Leaving out every picture, retype the lines below from the top through the one that contains "layer by layer".
(Source data Opens)
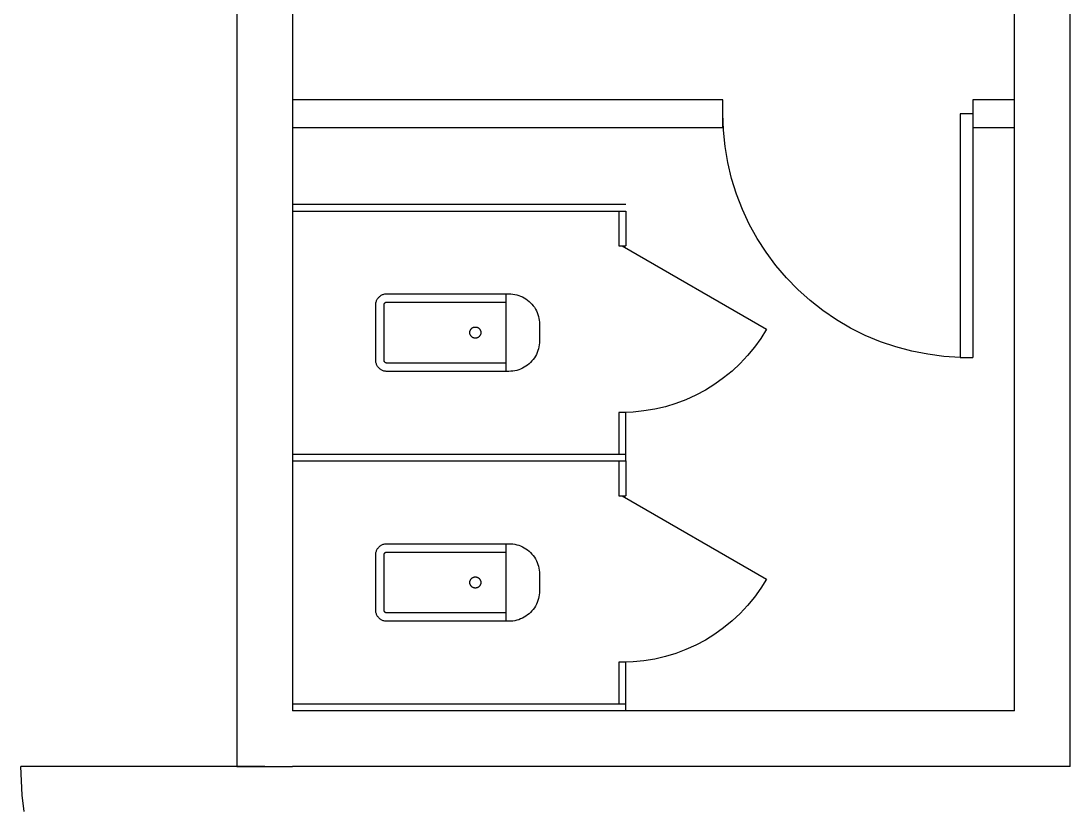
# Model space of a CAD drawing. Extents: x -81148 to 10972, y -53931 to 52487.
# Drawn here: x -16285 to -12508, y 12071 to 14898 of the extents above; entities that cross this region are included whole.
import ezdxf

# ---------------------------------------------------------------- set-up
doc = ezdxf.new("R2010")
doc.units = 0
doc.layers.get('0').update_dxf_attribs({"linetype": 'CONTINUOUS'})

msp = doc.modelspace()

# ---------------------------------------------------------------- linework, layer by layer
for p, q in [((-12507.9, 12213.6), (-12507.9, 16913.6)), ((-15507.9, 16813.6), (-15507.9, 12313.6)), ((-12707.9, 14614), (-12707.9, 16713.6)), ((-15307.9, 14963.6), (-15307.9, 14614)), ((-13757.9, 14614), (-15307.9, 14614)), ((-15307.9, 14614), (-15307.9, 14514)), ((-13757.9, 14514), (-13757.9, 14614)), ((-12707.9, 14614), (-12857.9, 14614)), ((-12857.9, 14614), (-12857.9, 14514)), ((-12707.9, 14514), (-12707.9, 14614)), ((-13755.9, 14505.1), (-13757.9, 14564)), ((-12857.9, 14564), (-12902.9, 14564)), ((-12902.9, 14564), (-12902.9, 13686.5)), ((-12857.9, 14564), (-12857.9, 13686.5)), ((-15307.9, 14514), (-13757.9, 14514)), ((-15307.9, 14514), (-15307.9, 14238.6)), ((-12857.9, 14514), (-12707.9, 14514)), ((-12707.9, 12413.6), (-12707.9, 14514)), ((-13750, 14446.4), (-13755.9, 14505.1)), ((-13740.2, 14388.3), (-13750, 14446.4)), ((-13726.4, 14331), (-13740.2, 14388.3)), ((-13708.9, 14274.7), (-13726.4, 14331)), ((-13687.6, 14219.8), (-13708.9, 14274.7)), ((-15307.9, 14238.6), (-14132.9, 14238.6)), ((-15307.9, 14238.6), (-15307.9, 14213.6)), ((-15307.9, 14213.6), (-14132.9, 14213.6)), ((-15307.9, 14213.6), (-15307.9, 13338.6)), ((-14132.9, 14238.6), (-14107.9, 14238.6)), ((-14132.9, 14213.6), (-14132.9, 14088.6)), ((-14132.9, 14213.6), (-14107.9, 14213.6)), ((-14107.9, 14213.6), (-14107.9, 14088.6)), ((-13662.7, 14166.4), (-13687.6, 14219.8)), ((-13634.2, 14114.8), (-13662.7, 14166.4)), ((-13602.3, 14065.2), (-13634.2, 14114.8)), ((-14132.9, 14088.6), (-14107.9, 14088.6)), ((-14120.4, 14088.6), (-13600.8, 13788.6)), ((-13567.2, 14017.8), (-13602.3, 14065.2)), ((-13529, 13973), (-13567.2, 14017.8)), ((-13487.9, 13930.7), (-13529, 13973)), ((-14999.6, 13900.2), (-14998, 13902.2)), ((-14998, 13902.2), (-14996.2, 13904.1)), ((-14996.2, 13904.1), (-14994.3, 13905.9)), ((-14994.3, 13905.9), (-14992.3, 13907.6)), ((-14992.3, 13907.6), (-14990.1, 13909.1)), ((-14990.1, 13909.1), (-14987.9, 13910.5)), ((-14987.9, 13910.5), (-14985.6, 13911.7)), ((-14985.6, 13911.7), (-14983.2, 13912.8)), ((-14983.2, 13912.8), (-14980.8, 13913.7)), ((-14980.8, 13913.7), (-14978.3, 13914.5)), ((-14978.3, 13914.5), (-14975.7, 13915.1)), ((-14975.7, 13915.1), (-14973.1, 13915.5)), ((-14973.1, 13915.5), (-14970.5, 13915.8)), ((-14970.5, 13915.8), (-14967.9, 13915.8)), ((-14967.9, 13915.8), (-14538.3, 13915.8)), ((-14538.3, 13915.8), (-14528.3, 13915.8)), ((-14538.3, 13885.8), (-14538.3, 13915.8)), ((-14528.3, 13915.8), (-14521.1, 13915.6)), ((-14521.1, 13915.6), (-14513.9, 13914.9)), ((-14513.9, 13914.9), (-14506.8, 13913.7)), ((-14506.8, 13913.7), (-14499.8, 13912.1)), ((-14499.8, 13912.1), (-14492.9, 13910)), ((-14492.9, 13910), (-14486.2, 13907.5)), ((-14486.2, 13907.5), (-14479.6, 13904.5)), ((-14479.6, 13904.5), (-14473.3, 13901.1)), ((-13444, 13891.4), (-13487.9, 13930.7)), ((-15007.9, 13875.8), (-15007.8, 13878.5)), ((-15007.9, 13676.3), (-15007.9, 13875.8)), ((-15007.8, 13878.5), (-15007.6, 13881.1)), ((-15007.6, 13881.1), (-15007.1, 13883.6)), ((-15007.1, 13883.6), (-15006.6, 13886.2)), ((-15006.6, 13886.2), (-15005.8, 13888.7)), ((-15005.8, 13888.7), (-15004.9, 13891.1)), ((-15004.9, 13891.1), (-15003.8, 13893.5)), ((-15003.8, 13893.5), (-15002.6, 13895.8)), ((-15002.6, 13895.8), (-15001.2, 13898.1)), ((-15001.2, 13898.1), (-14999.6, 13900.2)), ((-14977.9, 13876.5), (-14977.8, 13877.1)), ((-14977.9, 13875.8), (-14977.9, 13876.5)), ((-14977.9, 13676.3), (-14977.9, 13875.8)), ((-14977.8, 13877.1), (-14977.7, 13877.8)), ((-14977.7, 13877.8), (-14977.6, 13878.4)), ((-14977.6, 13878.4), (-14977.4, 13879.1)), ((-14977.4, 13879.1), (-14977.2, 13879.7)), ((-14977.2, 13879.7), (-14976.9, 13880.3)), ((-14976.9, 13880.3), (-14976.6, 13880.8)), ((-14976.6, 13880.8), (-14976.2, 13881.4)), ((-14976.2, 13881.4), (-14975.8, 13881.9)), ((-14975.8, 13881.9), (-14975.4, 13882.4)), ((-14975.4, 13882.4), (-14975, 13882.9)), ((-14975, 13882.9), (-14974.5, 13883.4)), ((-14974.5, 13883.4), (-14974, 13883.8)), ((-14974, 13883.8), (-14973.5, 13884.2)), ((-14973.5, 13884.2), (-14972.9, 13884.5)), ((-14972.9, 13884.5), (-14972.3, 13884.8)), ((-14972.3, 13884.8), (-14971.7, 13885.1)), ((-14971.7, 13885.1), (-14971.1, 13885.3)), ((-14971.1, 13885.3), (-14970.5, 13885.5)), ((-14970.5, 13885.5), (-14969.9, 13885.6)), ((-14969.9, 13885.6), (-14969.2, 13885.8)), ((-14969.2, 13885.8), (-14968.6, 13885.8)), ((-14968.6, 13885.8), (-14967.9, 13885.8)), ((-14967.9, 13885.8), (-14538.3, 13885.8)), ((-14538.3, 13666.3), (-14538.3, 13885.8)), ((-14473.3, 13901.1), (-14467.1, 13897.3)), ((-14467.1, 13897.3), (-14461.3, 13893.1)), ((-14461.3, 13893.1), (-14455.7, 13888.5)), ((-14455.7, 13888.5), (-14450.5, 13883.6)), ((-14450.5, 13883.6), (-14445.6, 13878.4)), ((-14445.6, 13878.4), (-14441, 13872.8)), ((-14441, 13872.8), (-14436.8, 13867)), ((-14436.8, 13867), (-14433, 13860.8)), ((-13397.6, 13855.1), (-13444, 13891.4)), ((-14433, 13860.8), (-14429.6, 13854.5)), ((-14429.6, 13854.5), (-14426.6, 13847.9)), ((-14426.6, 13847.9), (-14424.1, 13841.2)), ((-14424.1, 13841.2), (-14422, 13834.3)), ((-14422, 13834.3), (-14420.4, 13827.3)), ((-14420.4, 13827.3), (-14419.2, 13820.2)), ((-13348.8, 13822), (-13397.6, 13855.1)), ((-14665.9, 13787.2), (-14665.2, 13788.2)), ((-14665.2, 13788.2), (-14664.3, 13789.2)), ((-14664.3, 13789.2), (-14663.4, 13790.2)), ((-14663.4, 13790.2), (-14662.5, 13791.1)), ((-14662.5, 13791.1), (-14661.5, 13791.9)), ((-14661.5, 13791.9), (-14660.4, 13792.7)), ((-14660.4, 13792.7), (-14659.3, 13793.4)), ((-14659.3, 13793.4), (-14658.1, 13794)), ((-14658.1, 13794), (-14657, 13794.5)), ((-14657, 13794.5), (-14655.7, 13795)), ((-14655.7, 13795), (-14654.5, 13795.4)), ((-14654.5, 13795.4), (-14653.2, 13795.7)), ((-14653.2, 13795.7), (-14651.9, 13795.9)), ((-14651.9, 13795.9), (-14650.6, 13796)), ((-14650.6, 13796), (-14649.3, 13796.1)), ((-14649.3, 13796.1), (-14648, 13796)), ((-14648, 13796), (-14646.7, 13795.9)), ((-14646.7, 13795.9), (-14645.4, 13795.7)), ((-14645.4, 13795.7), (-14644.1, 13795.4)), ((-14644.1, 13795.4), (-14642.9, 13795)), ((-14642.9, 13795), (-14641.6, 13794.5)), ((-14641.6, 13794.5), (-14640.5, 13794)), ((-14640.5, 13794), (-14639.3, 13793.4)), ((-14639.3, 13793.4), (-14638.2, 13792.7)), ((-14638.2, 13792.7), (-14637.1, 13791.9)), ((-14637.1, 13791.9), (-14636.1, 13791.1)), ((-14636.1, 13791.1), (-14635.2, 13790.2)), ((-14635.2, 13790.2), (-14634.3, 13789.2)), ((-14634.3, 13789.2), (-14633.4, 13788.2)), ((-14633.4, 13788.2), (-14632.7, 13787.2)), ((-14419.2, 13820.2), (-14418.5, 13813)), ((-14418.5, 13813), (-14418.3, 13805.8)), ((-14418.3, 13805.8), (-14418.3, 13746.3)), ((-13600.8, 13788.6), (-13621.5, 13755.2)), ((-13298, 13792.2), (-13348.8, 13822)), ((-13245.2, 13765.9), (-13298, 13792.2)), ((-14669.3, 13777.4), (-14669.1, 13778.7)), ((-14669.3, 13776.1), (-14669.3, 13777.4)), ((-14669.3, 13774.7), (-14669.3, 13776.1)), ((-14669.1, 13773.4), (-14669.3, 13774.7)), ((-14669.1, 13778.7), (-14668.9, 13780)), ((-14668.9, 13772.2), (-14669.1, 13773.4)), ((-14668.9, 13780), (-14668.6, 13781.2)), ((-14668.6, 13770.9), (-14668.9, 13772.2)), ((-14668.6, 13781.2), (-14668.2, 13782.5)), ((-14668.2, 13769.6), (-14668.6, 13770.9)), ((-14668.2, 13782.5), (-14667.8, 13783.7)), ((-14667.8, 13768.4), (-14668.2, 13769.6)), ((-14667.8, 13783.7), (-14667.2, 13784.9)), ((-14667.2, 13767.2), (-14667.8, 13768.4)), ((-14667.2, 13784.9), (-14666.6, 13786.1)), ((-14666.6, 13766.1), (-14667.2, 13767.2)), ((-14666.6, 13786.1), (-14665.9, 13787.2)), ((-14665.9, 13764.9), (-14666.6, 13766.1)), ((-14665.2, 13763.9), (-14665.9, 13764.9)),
(Source data Closes)
- _Response_
# Model space of a CAD drawing. Extents: x -81148 to 10972, y -53931 to 52487.
# Drawn here: x -16285 to -12508, y 12071 to 14898 of the extents above; entities that cross this region are included whole.
import ezdxf

# ---------------------------------------------------------------- set-up
doc = ezdxf.new("R2010")
doc.units = 0
doc.layers.get('0').update_dxf_attribs({"linetype": 'CONTINUOUS'})

msp = doc.modelspace()

# ---------------------------------------------------------------- linework, layer by layer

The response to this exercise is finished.